The gap between the top teams here and the rest was again apparent. Michaelhouse entered the fray on Friday and showed they are a force to be reckoned with. They went down by one goal to Bishops, but were very impressive in their other encounter. There were comfortable wins for St David’s and Rondebosch in both of their outings.
I’d heard that the Ken Short is a festival that everyone wants to go to and on Friday I saw why. Tournament director, Lucky Letshabo and George Ramutle, Jeppe’s transport manager scrambled to meet requests for busses and combis to ferry teams across to the other two tournaments or out for night team functions. They did it with grace and quiet efficiency.

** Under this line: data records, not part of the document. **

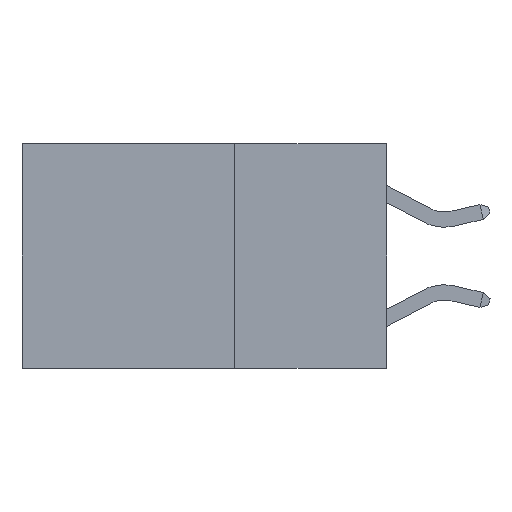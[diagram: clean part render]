
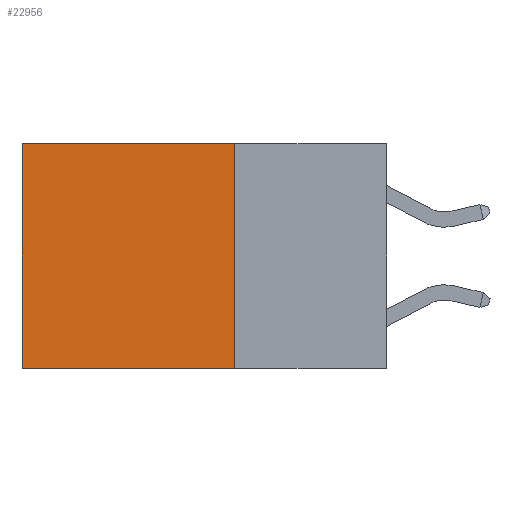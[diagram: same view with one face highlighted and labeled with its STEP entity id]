
A CAD part, left-side view. The second image highlights one B-rep face of the part: STEP entity #22956.
In plain terms, the highlighted planar face has unit normal (-1, 0, 0).
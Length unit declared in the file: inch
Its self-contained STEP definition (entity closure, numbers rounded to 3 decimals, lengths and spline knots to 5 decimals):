
#1187 = LINE ( 'NONE', #28885, #6717 ) ;
#1419 = CARTESIAN_POINT ( 'NONE',  ( 0.2625, 0.25, 0. ) ) ;
#2181 = CARTESIAN_POINT ( 'NONE',  ( 0.2625, 0.25, 0. ) ) ;
#3541 = CARTESIAN_POINT ( 'NONE',  ( 0.2625, 0.6, -0.37 ) ) ;
#4402 = VECTOR ( 'NONE', #10965, 39.37008 ) ;
#5805 = VERTEX_POINT ( 'NONE', #6248 ) ;
#6248 = CARTESIAN_POINT ( 'NONE',  ( 0.2625, 0.25, -0.37 ) ) ;
#6312 = CARTESIAN_POINT ( 'NONE',  ( 0.2625, 0.6, 0. ) ) ;
#6717 = VECTOR ( 'NONE', #15034, 39.37008 ) ;
#7597 = EDGE_CURVE ( 'NONE', #5805, #23820, #1187, .T. ) ;
#7836 = ORIENTED_EDGE ( 'NONE', *, *, #9097, .T. ) ;
#8916 = LINE ( 'NONE', #1419, #26778 ) ;
#9097 = EDGE_CURVE ( 'NONE', #25336, #23820, #22362, .T. ) ;
#9976 = PLANE ( 'NONE',  #24583 ) ;
#10375 = ORIENTED_EDGE ( 'NONE', *, *, #7597, .F. ) ;
#10965 = DIRECTION ( 'NONE',  ( 0., 0., -1. ) ) ;
#11601 = DIRECTION ( 'NONE',  ( 0., 1., 0. ) ) ;
#12363 = DIRECTION ( 'NONE',  ( 0., 0., -1. ) ) ;
#13817 = VECTOR ( 'NONE', #11601, 39.37008 ) ;
#14511 = FACE_OUTER_BOUND ( 'NONE', #20253, .T. ) ;
#15034 = DIRECTION ( 'NONE',  ( 0., 1., 0. ) ) ;
#15224 = EDGE_CURVE ( 'NONE', #19241, #25336, #19953, .T. ) ;
#15563 = DIRECTION ( 'NONE',  ( 0., 0., -1. ) ) ;
#16594 = EDGE_CURVE ( 'NONE', #19241, #5805, #8916, .T. ) ;
#19241 = VERTEX_POINT ( 'NONE', #2181 ) ;
#19256 = CARTESIAN_POINT ( 'NONE',  ( 0.2625, 0.25, 0. ) ) ;
#19953 = LINE ( 'NONE', #27728, #13817 ) ;
#20253 = EDGE_LOOP ( 'NONE', ( #7836, #10375, #20302, #24287 ) ) ;
#20302 = ORIENTED_EDGE ( 'NONE', *, *, #16594, .F. ) ;
#22362 = LINE ( 'NONE', #6312, #4402 ) ;
#22956 = ADVANCED_FACE ( 'NONE', ( #14511 ), #9976, .F. ) ;
#23820 = VERTEX_POINT ( 'NONE', #3541 ) ;
#24287 = ORIENTED_EDGE ( 'NONE', *, *, #15224, .T. ) ;
#24583 = AXIS2_PLACEMENT_3D ( 'NONE', #19256, #26229, #12363 ) ;
#25336 = VERTEX_POINT ( 'NONE', #30143 ) ;
#26229 = DIRECTION ( 'NONE',  ( 1., 0., 0. ) ) ;
#26778 = VECTOR ( 'NONE', #15563, 39.37008 ) ;
#27728 = CARTESIAN_POINT ( 'NONE',  ( 0.2625, 0.25, 0. ) ) ;
#28885 = CARTESIAN_POINT ( 'NONE',  ( 0.2625, 0.25, -0.37 ) ) ;
#30143 = CARTESIAN_POINT ( 'NONE',  ( 0.2625, 0.6, 0. ) ) ;

My highlights of days one and two both happened after the official day’s play had ended. On Thursday it was the massive (25 per side, I’d guess) game of touch rugby played in the dark on the cricket oval after supper. And on Friday it was the extra game arranged between the coaches of St John’s and Martitzburg College. They told the organisers (who had been at the pool since 6.30am and were really ready to go home by then) that they didn’t need referees – they would share the reffing between themselves – and not to worry about someone operating the electronic scoreboard, they wouldn’t be keeping score any way.
That’s what it’s all about.
Results
Michaelhouse 9 SACS 2, St David’s 3 Kearsney 1, Hilton 8 St Stithians 3, Bishops 5 Michaelhouse 4, Selborne 3 Affies1, DHS 2 St Alban’s 1, Pretoria 5 Parktown 4, Maritzburg 5 Westville 0, KES 6 St Stithians 5, Bishops 5 Clifton 2, St David’s 15 Westville 4, Rondesbosch 5 Hilton 0, SACS 9 KES 4, Michaelhouse 10 St Stithians 3, St Alban’s 6 St Benedict’s 3, St John’s 3 Selborne 3, Grey College 8 Jeppe 2, Martizburg 8 DHS 1, St Benedict’s 6 Pretoria 4, Selborne 10 Parktown 4, Kearnsey 9 Clifton 1, Hilton 6 Grey College 4, Rondebosch 7 KES 1, Clifton 6 Grey College 4, Affies 7 Jeppe 3.